The best example of that is probably Philip Morris USA,
which, faced with more than $12 billion in fines, is now
supporting limited FDA regulation of cigarettes.
Ohlemeyer said, "That's one of the things that business is
learning; that's an attitude that's evolving. A business can't
automatically ignore and shouldn't ignore the idea that people
want to see third-party regulation." Still, even proponents
acknowledge that lawsuits are clumsy instruments for making
public policy. Nothing illustrates that point better than
tobacco. While the so-called master settlement between the
industry and state attorneys general was widely seen as a win
for advocates of tobacco control, many say the outcome has been
hit-and-miss.
For example, a key provision, which requires tobacco
companies to pay states more money if smoking rates among young
people do not decline, has created a perverse alliance between
cigarette makers and cash-strapped state governments. Money
meant for anti-smoking initiatives has instead gone to highway
projects. And the tobacco companies' payments to the states are
coming out of consumers' pockets in the form of higher cigarette
prices.
"It would have been a lot more orderly and efficient if the
states had gotten together and simply raised their tobacco
taxes. But that has been politically impossible," said Philip J.
Cook, a professor of public policy at Duke University who
studies the regulatory impact of litigation.
After a bitter political battle in 1998 between the tobacco
companies and public health advocates, Congress failed to codify
the settlement into law. In hindsight, some major players in the
fight think it might have been better to compromise rather than
deal with the current haphazard method of continual lawsuits.
"In the end, public health is worse off because we didn't
pass the bill," said Matt Myers, head of the Campaign for
Tobacco-Free Kids who helped broker the settlement. Myers
angered some of his public health colleagues by supporting
yearly liability caps for the industry in exchange for major
concessions on marketing and increased regulation.

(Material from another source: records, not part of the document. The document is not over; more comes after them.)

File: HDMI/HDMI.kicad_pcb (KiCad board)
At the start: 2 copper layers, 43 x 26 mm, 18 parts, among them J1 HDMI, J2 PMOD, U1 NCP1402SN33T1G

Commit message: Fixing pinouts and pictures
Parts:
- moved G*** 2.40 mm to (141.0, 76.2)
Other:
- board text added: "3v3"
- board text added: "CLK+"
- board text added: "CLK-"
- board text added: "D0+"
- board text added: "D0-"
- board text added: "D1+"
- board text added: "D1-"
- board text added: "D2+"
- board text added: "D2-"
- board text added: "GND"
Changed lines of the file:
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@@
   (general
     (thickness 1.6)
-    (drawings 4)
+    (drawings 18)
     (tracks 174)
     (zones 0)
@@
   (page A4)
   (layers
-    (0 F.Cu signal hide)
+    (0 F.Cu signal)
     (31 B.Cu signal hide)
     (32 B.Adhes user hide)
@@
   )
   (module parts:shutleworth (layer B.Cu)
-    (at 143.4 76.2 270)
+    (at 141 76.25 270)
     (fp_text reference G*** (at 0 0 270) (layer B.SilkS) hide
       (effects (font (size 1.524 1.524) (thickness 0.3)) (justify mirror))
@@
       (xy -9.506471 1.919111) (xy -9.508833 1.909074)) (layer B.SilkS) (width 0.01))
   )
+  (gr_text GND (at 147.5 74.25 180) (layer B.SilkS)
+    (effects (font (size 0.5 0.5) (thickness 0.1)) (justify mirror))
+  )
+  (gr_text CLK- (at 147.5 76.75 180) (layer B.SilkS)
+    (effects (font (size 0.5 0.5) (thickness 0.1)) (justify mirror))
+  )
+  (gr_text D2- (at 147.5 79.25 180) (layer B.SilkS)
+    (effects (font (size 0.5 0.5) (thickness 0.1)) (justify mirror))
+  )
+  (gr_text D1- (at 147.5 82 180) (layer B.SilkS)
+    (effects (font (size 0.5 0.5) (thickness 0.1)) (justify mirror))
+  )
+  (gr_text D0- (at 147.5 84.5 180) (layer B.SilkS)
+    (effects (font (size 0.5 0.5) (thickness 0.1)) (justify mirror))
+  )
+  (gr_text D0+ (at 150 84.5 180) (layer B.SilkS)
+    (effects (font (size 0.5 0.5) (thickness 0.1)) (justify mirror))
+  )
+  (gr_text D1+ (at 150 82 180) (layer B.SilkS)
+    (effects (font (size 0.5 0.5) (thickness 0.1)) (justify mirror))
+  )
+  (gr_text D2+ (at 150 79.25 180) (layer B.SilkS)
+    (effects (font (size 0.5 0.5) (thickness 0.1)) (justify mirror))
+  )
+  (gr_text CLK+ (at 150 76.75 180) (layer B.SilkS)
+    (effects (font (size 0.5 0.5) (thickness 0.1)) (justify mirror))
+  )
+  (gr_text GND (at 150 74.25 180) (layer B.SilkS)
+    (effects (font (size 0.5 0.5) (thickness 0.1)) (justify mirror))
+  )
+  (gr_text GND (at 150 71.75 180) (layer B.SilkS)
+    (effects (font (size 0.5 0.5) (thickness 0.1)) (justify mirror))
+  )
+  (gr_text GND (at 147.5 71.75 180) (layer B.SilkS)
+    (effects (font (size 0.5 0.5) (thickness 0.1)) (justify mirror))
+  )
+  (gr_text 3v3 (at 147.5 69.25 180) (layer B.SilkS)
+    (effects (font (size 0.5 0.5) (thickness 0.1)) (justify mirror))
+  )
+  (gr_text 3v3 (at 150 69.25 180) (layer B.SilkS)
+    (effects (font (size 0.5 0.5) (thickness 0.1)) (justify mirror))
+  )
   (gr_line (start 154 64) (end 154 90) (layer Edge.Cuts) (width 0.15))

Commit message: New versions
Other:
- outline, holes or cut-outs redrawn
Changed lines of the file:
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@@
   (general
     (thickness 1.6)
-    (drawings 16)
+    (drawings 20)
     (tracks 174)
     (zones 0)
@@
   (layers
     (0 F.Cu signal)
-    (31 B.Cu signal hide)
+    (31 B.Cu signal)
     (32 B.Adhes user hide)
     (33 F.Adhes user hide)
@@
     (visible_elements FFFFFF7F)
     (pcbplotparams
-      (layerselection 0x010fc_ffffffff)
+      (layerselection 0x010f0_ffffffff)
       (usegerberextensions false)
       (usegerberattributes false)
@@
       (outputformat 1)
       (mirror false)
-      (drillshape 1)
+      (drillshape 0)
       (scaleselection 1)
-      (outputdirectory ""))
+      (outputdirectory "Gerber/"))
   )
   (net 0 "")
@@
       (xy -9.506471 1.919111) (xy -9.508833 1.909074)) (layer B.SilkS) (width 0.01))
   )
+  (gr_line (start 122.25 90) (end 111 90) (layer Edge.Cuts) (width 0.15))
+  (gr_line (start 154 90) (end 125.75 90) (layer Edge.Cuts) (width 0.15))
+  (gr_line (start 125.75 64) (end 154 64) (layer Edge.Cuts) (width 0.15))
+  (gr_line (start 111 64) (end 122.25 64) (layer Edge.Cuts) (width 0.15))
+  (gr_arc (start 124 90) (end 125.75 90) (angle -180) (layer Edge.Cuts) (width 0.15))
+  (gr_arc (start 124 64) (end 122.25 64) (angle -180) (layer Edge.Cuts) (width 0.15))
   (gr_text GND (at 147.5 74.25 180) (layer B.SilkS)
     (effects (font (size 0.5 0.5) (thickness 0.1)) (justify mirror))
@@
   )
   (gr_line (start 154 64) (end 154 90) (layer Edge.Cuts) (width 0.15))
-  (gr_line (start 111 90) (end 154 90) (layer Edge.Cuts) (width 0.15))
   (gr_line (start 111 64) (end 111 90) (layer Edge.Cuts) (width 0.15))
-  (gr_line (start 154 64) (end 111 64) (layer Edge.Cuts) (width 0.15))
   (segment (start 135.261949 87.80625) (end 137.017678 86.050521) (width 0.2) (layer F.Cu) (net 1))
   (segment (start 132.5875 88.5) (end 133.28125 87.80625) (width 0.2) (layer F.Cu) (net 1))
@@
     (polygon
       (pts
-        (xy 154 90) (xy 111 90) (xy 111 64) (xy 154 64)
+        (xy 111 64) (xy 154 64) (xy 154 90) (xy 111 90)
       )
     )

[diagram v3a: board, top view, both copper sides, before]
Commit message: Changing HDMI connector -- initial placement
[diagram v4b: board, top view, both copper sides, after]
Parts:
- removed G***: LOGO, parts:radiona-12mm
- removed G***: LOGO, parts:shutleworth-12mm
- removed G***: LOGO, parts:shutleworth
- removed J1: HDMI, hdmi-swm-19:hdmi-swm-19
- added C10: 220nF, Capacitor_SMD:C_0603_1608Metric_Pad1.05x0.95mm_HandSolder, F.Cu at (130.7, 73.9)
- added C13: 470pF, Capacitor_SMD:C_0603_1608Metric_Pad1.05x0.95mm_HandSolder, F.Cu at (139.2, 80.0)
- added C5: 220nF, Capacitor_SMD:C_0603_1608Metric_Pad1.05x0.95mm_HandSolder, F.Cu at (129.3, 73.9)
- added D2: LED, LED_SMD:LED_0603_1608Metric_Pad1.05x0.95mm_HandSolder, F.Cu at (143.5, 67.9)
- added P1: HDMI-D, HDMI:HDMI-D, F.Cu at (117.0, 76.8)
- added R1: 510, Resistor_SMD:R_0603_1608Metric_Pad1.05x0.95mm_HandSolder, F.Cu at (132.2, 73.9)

Yet even without the legislation, the tobacco industry made
many major changes in its marketing practices, such as dropping
the "Joe Camel" cartoon character, and submitted to many new
local regulations. And, of course, tobacco companies might still
have to pay out billions of dollars in damages.
The threat of lawsuits is a powerful tool for harnessing
corporations, said Pamela Gilbert, a partner in the law firm
Cuneo Waldman & Gilbert. Gilbert, who is a former executive
director of the Consumer Products Safety Commission, said that
nearly all of her cases at the commission were resolved by
voluntary agreements with industries that were afraid of
lawsuits. "It is less the threat of government action and more
the threat of private litigation that compels companies to go
along," she said.
And that is exactly what makes the business community so
unhappy. "They are usurping and doing an end run around the
legislative and regulatory processes," said Lisa Rickard of the
Institute for Legal Reform, the tort-reform lobbying arm of the
U.S. Chamber of Commerce.
John Banzhaf III, a professor of public-interest law at
George Washington University, points out that judicial actions
outside the regulatory process were re- sponsible for major
civil-rights, environmental, and consumer-safety reforms. He
notes that, unlike the tobacco industry, food companies are
extremely susceptible to public pressure, which probably
accounts for their pre-emptive moves.
So, does an automatic anti-regulation approach make the
most sense for business? Executives might want to ask themselves
what the stock price of Altria Group, currently hovering around
$40 a share, might have been without the tobacco litigation.